"I was watching the newscasts this afternoon," Kitchener said. "It looks like the Scottish PSP is about to fall."
"It's always on the verge of collapse," Cecil protested loudly. "They said it wouldn't last six months after our lot got kicked out."
"Yes, but Zurich has cut off their credit now."
"About time," Liz muttered.
Nicholas knew she had lost her mother when the PSP was in power in England. She always blamed the People's Constables, but thankfully never went into details. His own memories of President Armstrong's brutish regime were more or less limited to the constant struggle to survive on too little food. The PSP never had much authority in rural areas, they had had enough trouble maintaining control in the urban districts.
"I hope they don't want to link up with us again," Cecil said.
"Why ever not?" Rosette asked. "I think it would be nice being the United Kingdom again, although having the Irish back would be pushing the point."
"We can't afford it," Cecil said. "Christ, we're only just getting back on our own feet."
"A bigger country means greater security in the long run, darling."
"You might as well try Eurofederalism again."
"We'll have to help them," Isabel said. "They're desperately short of food."
"Let them grow their own," Cecil said. "They're not short of land, and they've got all those fishing rights."
"How can you say that? There are children suffering."

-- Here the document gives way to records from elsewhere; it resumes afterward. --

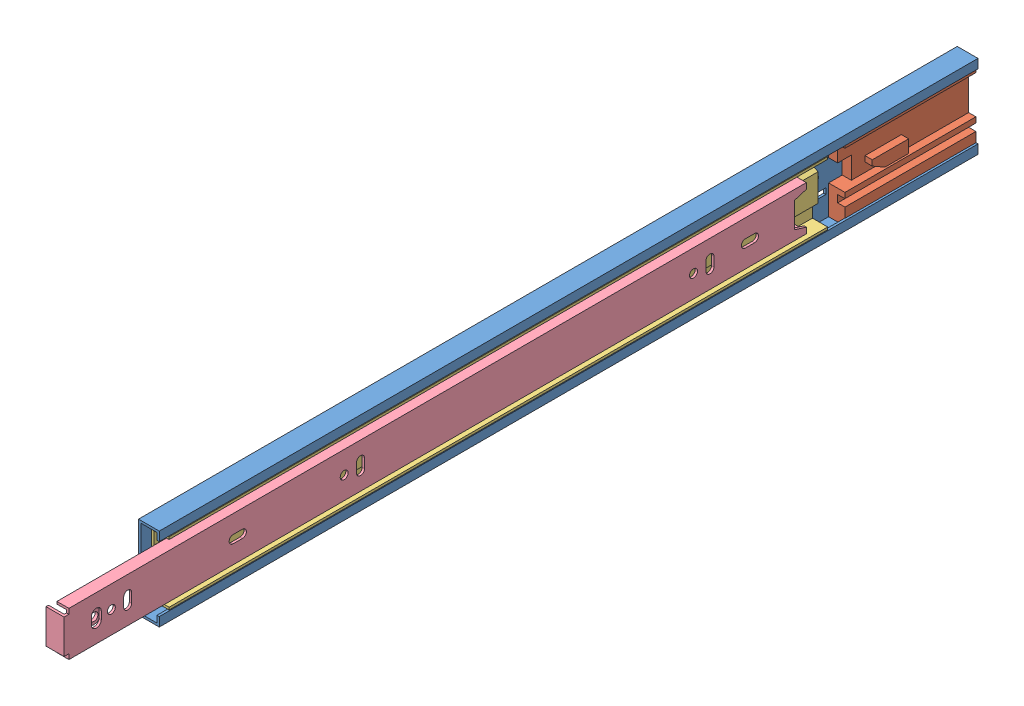
SolidWorks assembly 2831110, configuration Default. Lengths in mm.
Overall size (3.17 11.42 125.91).
4 component instances, 4 part files, 9 mates.
Components (placement in the parent):
- 3832-0045TR Outer Member-1: 3832-0045TR Outer Member [Default] at origin size (2.85 11.42 112.5)
- 3832TR Touch Release-1: 3832TR Touch Release [Default] at (-5.6264 0.6754 178.2964) x (0 -1 0) z (1 0 0) size (10.79 18 2.25)
- 3832-0045TR Inter-1: 3832-0045TR Inter [Default] at (-0.6578 0.0001 415.8579) x (0 1 0) z (0 0 -1) size (8.7 2.43 90.5)
- 3832-0045TR Inner Member-1: 3832-0045TR Inner Member [Default] at (-1.9688 0 36.7668) x (0 -1 0) z (0 0 1) size (6.1 2.47 102)
Mates (geometry in assembly coordinates):
- Width1: width anti-aligned: plane of 3832-0045TR Outer Member-1 through (-3.1394 5.7125 168.9579) normal (0 1 0); plane of 3832-0045TR Outer Member-1 through (-3.1394 -5.7125 281.4579) normal (0 -1 0); plane of 3832-0045TR Inter-1 through (-2.7144 4.35 280.1079) normal (0 1 0); plane of 3832-0045TR Inter-1 through (-0.2894 -4.35 280.1079) normal (0 -1 0)
- Width2: width anti-aligned: plane of 3832-0045TR Outer Member-1 through (-3.1394 -5.7125 281.4579) normal (0 -1 0); plane of 3832-0045TR Outer Member-1 through (-3.1394 5.7125 168.9579) normal (0 1 0); plane of 3832-0045TR Inner Member-1 through (0.0356 3.05 294.8711) normal (0 1 0); plane of 3832-0045TR Inner Member-1 through (0.0356 -3.05 192.8711) normal (0 -1 0)
- Coincident1: coincident aligned: plane of 3832-0045TR Outer Member-1 through (-0.2894 0 168.9579) normal (1 0 0); plane of 3832-0045TR Inter-1 through (-0.2894 4.35 280.1079) normal (1 0 0)
- Distance1: distance = 3.175 mm anti-aligned: plane of 3832-0045TR Inner Member-1 through (0.0356 0 192.8711) normal (1 0 0); plane of 3832-0045TR Outer Member-1 through (-3.1394 0 168.9579) normal (-1 0 0)
- Linear/Linear Coupler4: linear coupler = 48.75 : 111.5 mm: line of 3832-0045TR Inter-1 through (-0.2894 4.025 280.1079) axis (0 0 -1); line of 3832-0045TR Inner Member-1 through (0.0356 3.05 294.1961) axis (0 0 -1)
- LimitDistance3: limit distance = -1.35 mm aligned: plane of 3832-0045TR Outer Member-1 through (-3.1394 5.7125 281.4579) normal (0 0 1); plane of 3832-0045TR Inter-1 through (-1.6156 0 280.1079) normal (0 0 1)
- Coincident2: coincident aligned: plane of 3832-0045TR Outer Member-1 through (-3.1394 -5.7125 168.9579) normal (0 0 -1); plane of 3832TR Touch Release-1 through (-0.5719 5.395 168.9579) normal (0 0 -1)
- Coincident3: coincident anti-aligned: plane of 3832-0045TR Outer Member-1 through (-2.8219 5.395 168.9579) normal (1 0 0); plane of 3832TR Touch Release-1 through (-2.8219 0 177.9579) normal (-1 0 0)
- Coincident4: coincident anti-aligned: plane of 3832-0045TR Outer Member-1 through (-2.8219 -5.395 168.9579) normal (0 1 0); plane of 3832TR Touch Release-1 through (-0.5719 -5.395 168.9579) normal (0 -1 0)
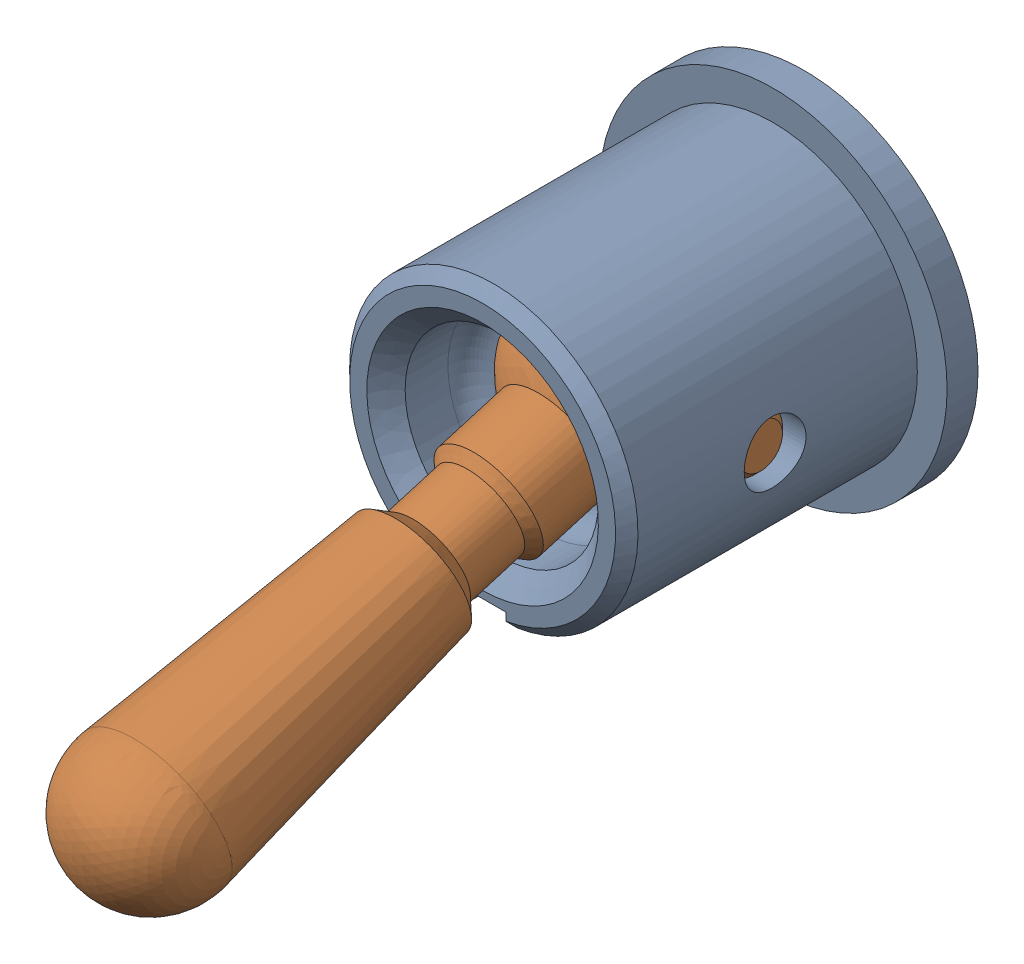
SolidWorks assembly MS Toggle Switch Sealed 2-Position Ref v2, configuration Default. Lengths in mm.
Overall size (14.29 17.66 30.89).
2 component instances, 2 part files, 0 mates.
Components (placement in the parent):
- Toggle Threads Sealed Ref-1: Toggle Threads Sealed Ref [Default] at (-25.4 83.058 -5.3811) size (14.29 14.29 13.21)
- Toggle Lever Sealed Ref-1: Toggle Lever Sealed Ref [Default] at (-25.4 84.7172 -5.1405) x (1 0 0) z (0 -0.284015 0.95882) size (10.67 7.94 27.59)
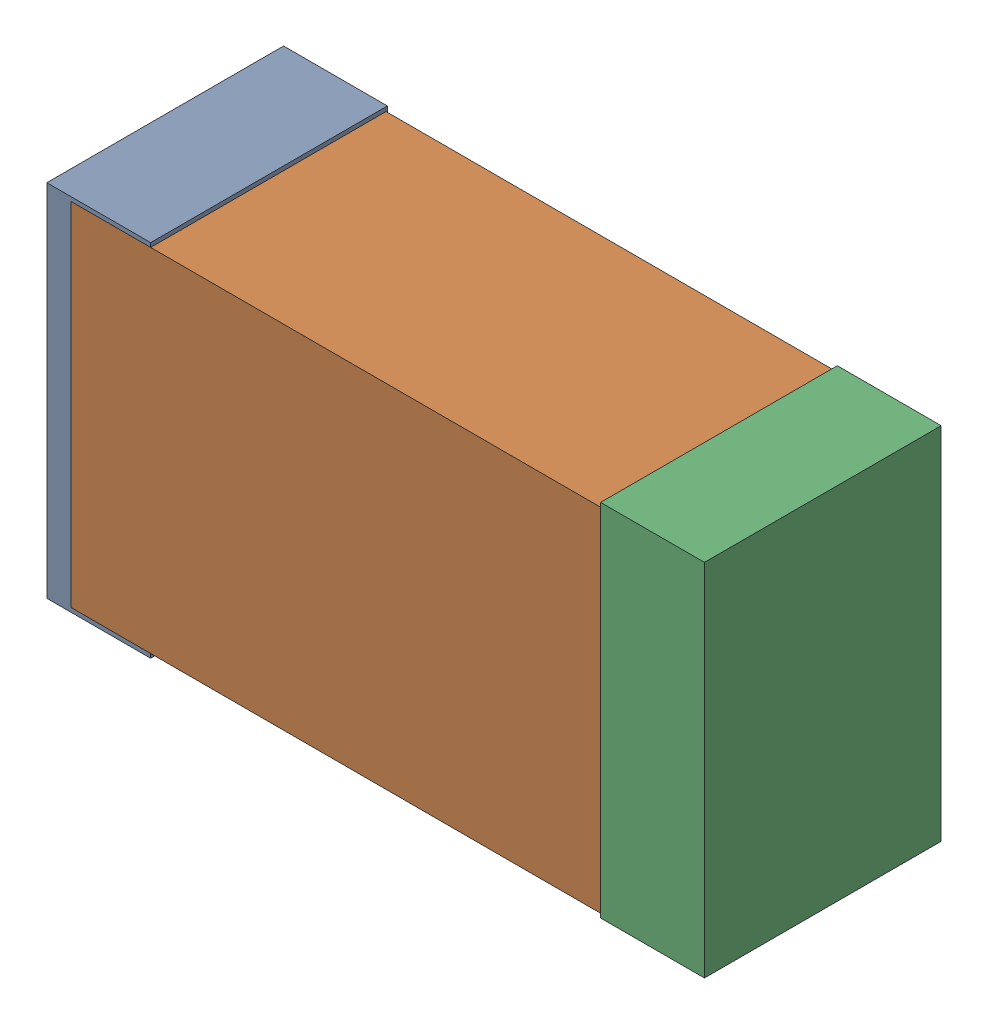
SolidWorks assembly USB23_C10, configuration Default. Lengths in mm.
Overall size (2.38 1.3 0.85).
6 component instances, 2 part files, 0 mates.
Components (placement in the parent):
- 384311232-1: 384311232 [Default] at (172.99 57.785 -1.9574) size (0.38 1.3 0.85)
  - Extruded_8-1: Extruded_8 [Default] at origin size (0.38 1.3 0.85)
- 402662800-1: 402662800 [Default] at (173.99 57.785 -1.9524) size (2.2 1.27 0.85)
  - Extruded_30-1: Extruded_30 [Default] at origin size (2.2 1.27 0.85)
- 384311232-2: 384311232 [Default] at (174.99 57.785 -1.9574) size (0.38 1.3 0.85)
  - Extruded_8-1: Extruded_8 [Default] at origin size (0.38 1.3 0.85)

"I think Isabel's right," Nicholas said boldly. "Some sort of aid's in order, even if we can't afford a Marshall plan."
"Now that will make a nice little complication for the New Conservatives during the election," Kitchener said gleefully. "Trapped whichever way they turn. Serves 'em right. Always good fun watching politicians squirming."
Conversation meandered, as it always did, from politics to art, from music to England's current surge of industrial redevelopment, from channel-star gossip (which Kitchener always pretended not to follow) to the latest crop of scientific papers. Cecil walked round the table, pouring the wine for everyone.